··· Source information ···

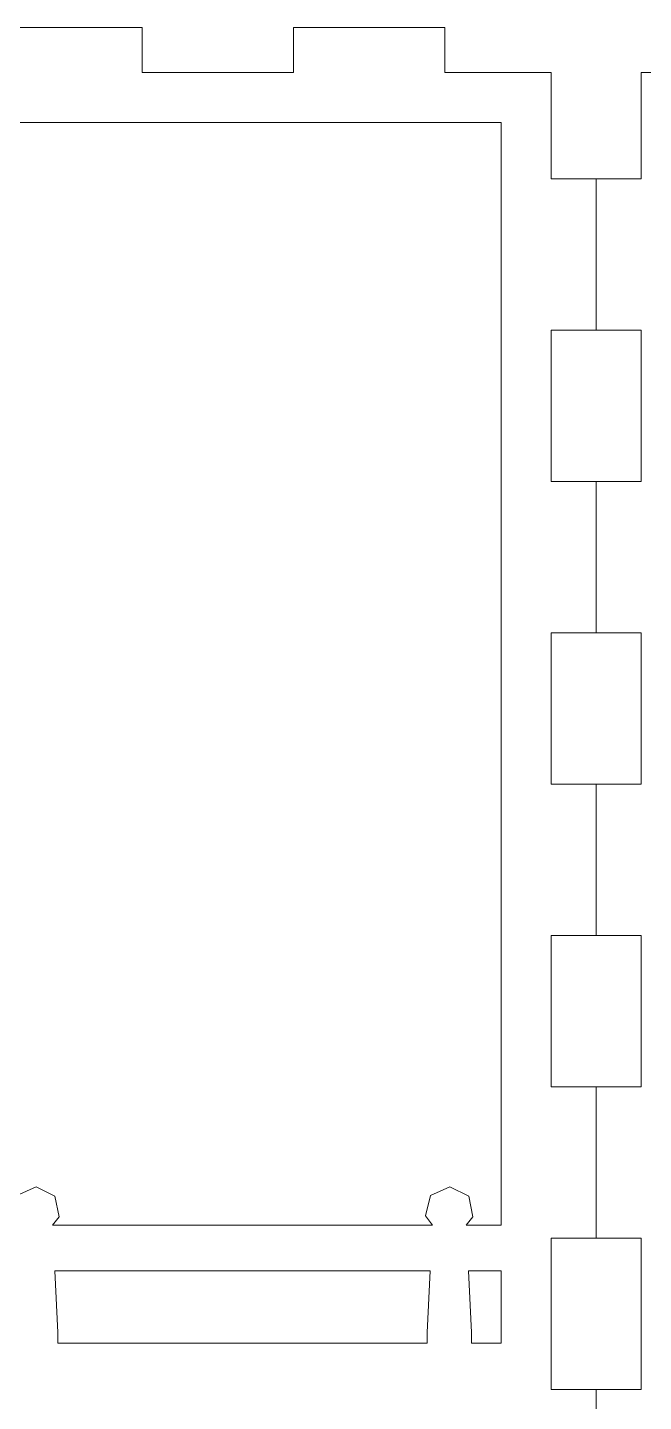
# Model space of a CAD drawing. Header units: centimetres. Extents: x -20.3 to 20.1, y -6 to 14.
# Drawn here: x 6.73 to 10.43, y 5.76 to 14.01 of the extents above; entities that cross this region are included whole.
import ezdxf

# ---------------------------------------------------------------- set-up
doc = ezdxf.new("R2010")
doc.units = ezdxf.units.CM
doc.header["$MEASUREMENT"] = 0
doc.layers.add('layer 1', color=7, linetype='Continuous')

msp = doc.modelspace()

# ---------------------------------------------------------------- linework, layer by layer
at = {"layer": 'layer 1', "color": 5, "lineweight": 9}
for points in [[(7.41985, 14.01391), (7.41985, 14.01391), (6.51076, 14.01391), (6.51076, 14.01391)], [(7.41985, 13.74391), (7.41985, 13.74391), (7.41985, 14.01391), (7.41985, 14.01391)], [(9.23803, 14.01391), (9.23803, 14.01391), (8.32894, 14.01391), (8.32894, 14.01391)], [(8.32894, 14.01391), (8.32894, 14.01391), (8.32894, 13.74391), (8.32894, 13.74391)], [(9.23803, 13.74391), (9.23803, 13.74391), (9.23803, 14.01391), (9.23803, 14.01391)], [(8.32894, 13.74391), (8.32894, 13.74391), (7.41985, 13.74391), (7.41985, 13.74391)], [(9.87712, 13.74391), (9.87712, 13.74391), (9.23803, 13.74391), (9.23803, 13.74391)], [(9.87712, 13.10482), (9.87712, 13.10482), (9.87712, 13.74391), (9.87712, 13.74391)], [(11.05621, 13.74391), (11.05621, 13.74391), (10.41712, 13.74391), (10.41712, 13.74391)], [(10.41712, 13.74391), (10.41712, 13.74391), (10.41712, 13.10482), (10.41712, 13.10482)], [(0.71713, 13.44391), (0.71713, 13.44391), (9.57711, 13.44391), (9.57711, 13.44391)], [(9.57711, 6.8205), (9.57711, 6.8205), (9.57711, 13.44391), (9.57711, 13.44391)], [(10.14712, 13.10482), (10.14712, 13.10482), (9.87712, 13.10482), (9.87712, 13.10482)], [(10.14712, 12.19573), (10.14712, 12.19573), (10.14712, 13.10482), (10.14712, 13.10482)], [(10.41712, 13.10482), (10.41712, 13.10482), (10.14712, 13.10482), (10.14712, 13.10482)], [(9.87712, 11.28664), (9.87712, 11.28664), (9.87712, 12.19573), (9.87712, 12.19573)], [(9.87712, 12.19573), (9.87712, 12.19573), (10.14712, 12.19573), (10.14712, 12.19573)], [(10.14712, 12.19573), (10.14712, 12.19573), (10.41712, 12.19573), (10.41712, 12.19573)], [(10.41712, 12.19573), (10.41712, 12.19573), (10.41712, 11.28664), (10.41712, 11.28664)], [(10.14712, 11.28664), (10.14712, 11.28664), (9.87712, 11.28664), (9.87712, 11.28664)], [(10.14712, 10.37755), (10.14712, 10.37755), (10.14712, 11.28664), (10.14712, 11.28664)], [(10.41712, 11.28664), (10.41712, 11.28664), (10.14712, 11.28664), (10.14712, 11.28664)], [(9.87712, 9.46846), (9.87712, 9.46846), (9.87712, 10.37755), (9.87712, 10.37755)], [(9.87712, 10.37755), (9.87712, 10.37755), (10.14712, 10.37755), (10.14712, 10.37755)], [(10.14712, 10.37755), (10.14712, 10.37755), (10.41712, 10.37755), (10.41712, 10.37755)], [(10.41712, 10.37755), (10.41712, 10.37755), (10.41712, 9.46846), (10.41712, 9.46846)], [(10.14712, 9.46846), (10.14712, 9.46846), (9.87712, 9.46846), (9.87712, 9.46846)], [(10.41712, 9.46846), (10.41712, 9.46846), (10.14712, 9.46846), (10.14712, 9.46846)], [(10.14712, 8.55936), (10.14712, 8.55936), (10.14712, 9.46846), (10.14712, 9.46846)], [(9.87712, 7.65027), (9.87712, 7.65027), (9.87712, 8.55936), (9.87712, 8.55936)], [(9.87712, 8.55936), (9.87712, 8.55936), (10.14712, 8.55936), (10.14712, 8.55936)], [(10.14712, 8.55936), (10.14712, 8.55936), (10.41712, 8.55936), (10.41712, 8.55936)], [(10.41712, 8.55936), (10.41712, 8.55936), (10.41712, 7.65027), (10.41712, 7.65027)], [(10.14712, 7.65027), (10.14712, 7.65027), (9.87712, 7.65027), (9.87712, 7.65027)], [(10.14712, 6.74118), (10.14712, 6.74118), (10.14712, 7.65027), (10.14712, 7.65027)], [(10.41712, 7.65027), (10.41712, 7.65027), (10.14712, 7.65027), (10.14712, 7.65027)], [(6.66676, 6.9984), (6.66676, 6.9984), (6.78224, 7.05102), (6.78224, 7.05102)], [(6.78224, 7.05102), (6.78224, 7.05102), (6.89537, 6.99355), (6.89537, 6.99355)], [(9.15289, 6.9984), (9.15289, 6.9984), (9.26836, 7.05102), (9.26836, 7.05102)], [(9.26836, 7.05102), (9.26836, 7.05102), (9.3815, 6.99355), (9.3815, 6.99355)], [(6.89537, 6.99355), (6.89537, 6.99355), (6.92097, 6.86926), (6.92097, 6.86926)], [(9.12203, 6.87532), (9.12203, 6.87532), (9.15289, 6.9984), (9.15289, 6.9984)], [(9.3815, 6.99355), (9.3815, 6.99355), (9.4071, 6.86926), (9.4071, 6.86926)], [(6.92097, 6.86926), (6.92097, 6.86926), (6.88037, 6.8205), (6.88037, 6.8205)], [(9.16402, 6.8205), (9.16402, 6.8205), (9.12203, 6.87532), (9.12203, 6.87532)], [(9.4071, 6.86926), (9.4071, 6.86926), (9.36649, 6.8205), (9.36649, 6.8205)], [(9.16402, 6.8205), (9.16402, 6.8205), (6.88037, 6.8205), (6.88037, 6.8205)], [(9.36649, 6.8205), (9.36649, 6.8205), (9.57711, 6.8205), (9.57711, 6.8205)], [(9.87712, 5.83209), (9.87712, 5.83209), (9.87712, 6.74118), (9.87712, 6.74118)], [(9.87712, 6.74118), (9.87712, 6.74118), (10.14712, 6.74118), (10.14712, 6.74118)], [(10.14712, 6.74118), (10.14712, 6.74118), (10.41712, 6.74118), (10.41712, 6.74118)], [(10.41712, 6.74118), (10.41712, 6.74118), (10.41712, 5.83209), (10.41712, 5.83209)], [(6.89414, 6.54543), (6.89414, 6.54543), (6.9127, 6.17479), (6.9127, 6.17479)], [(6.89414, 6.54543), (6.89414, 6.54543), (9.15024, 6.54543), (9.15024, 6.54543)], [(9.15024, 6.54543), (9.15024, 6.54543), (9.13169, 6.17479), (9.13169, 6.17479)], [(9.38027, 6.54543), (9.38027, 6.54543), (9.39882, 6.17479), (9.39882, 6.17479)], [(9.38027, 6.54543), (9.38027, 6.54543), (9.57711, 6.54543), (9.57711, 6.54543)], [(9.57711, 6.54543), (9.57711, 6.54543), (9.57711, 6.11112), (9.57711, 6.11112)], [(6.9127, 6.17479), (6.9127, 6.17479), (6.9127, 6.11112), (6.9127, 6.11112)], [(6.9127, 6.11112), (6.9127, 6.11112), (9.13169, 6.11112), (9.13169, 6.11112)], [(9.13169, 6.17479), (9.13169, 6.17479), (9.13169, 6.11112), (9.13169, 6.11112)], [(9.39882, 6.17479), (9.39882, 6.17479), (9.39882, 6.11112), (9.39882, 6.11112)], [(9.39882, 6.11112), (9.39882, 6.11112), (9.57711, 6.11112), (9.57711, 6.11112)], [(10.14712, 5.83209), (10.14712, 5.83209), (9.87712, 5.83209), (9.87712, 5.83209)], [(10.14712, 4.923), (10.14712, 4.923), (10.14712, 5.83209), (10.14712, 5.83209)], [(10.41712, 5.83209), (10.41712, 5.83209), (10.14712, 5.83209), (10.14712, 5.83209)]]:
    msp.add_open_spline(points, degree=3, dxfattribs=at)

doc.saveas('drawing.dxf')

···

■ Exercise requirements ■
Using the entries above, copy out all lines that contain the string "ezdxf".

■ Task output ■
import ezdxf
doc = ezdxf.new("R2010")
doc.units = ezdxf.units.CM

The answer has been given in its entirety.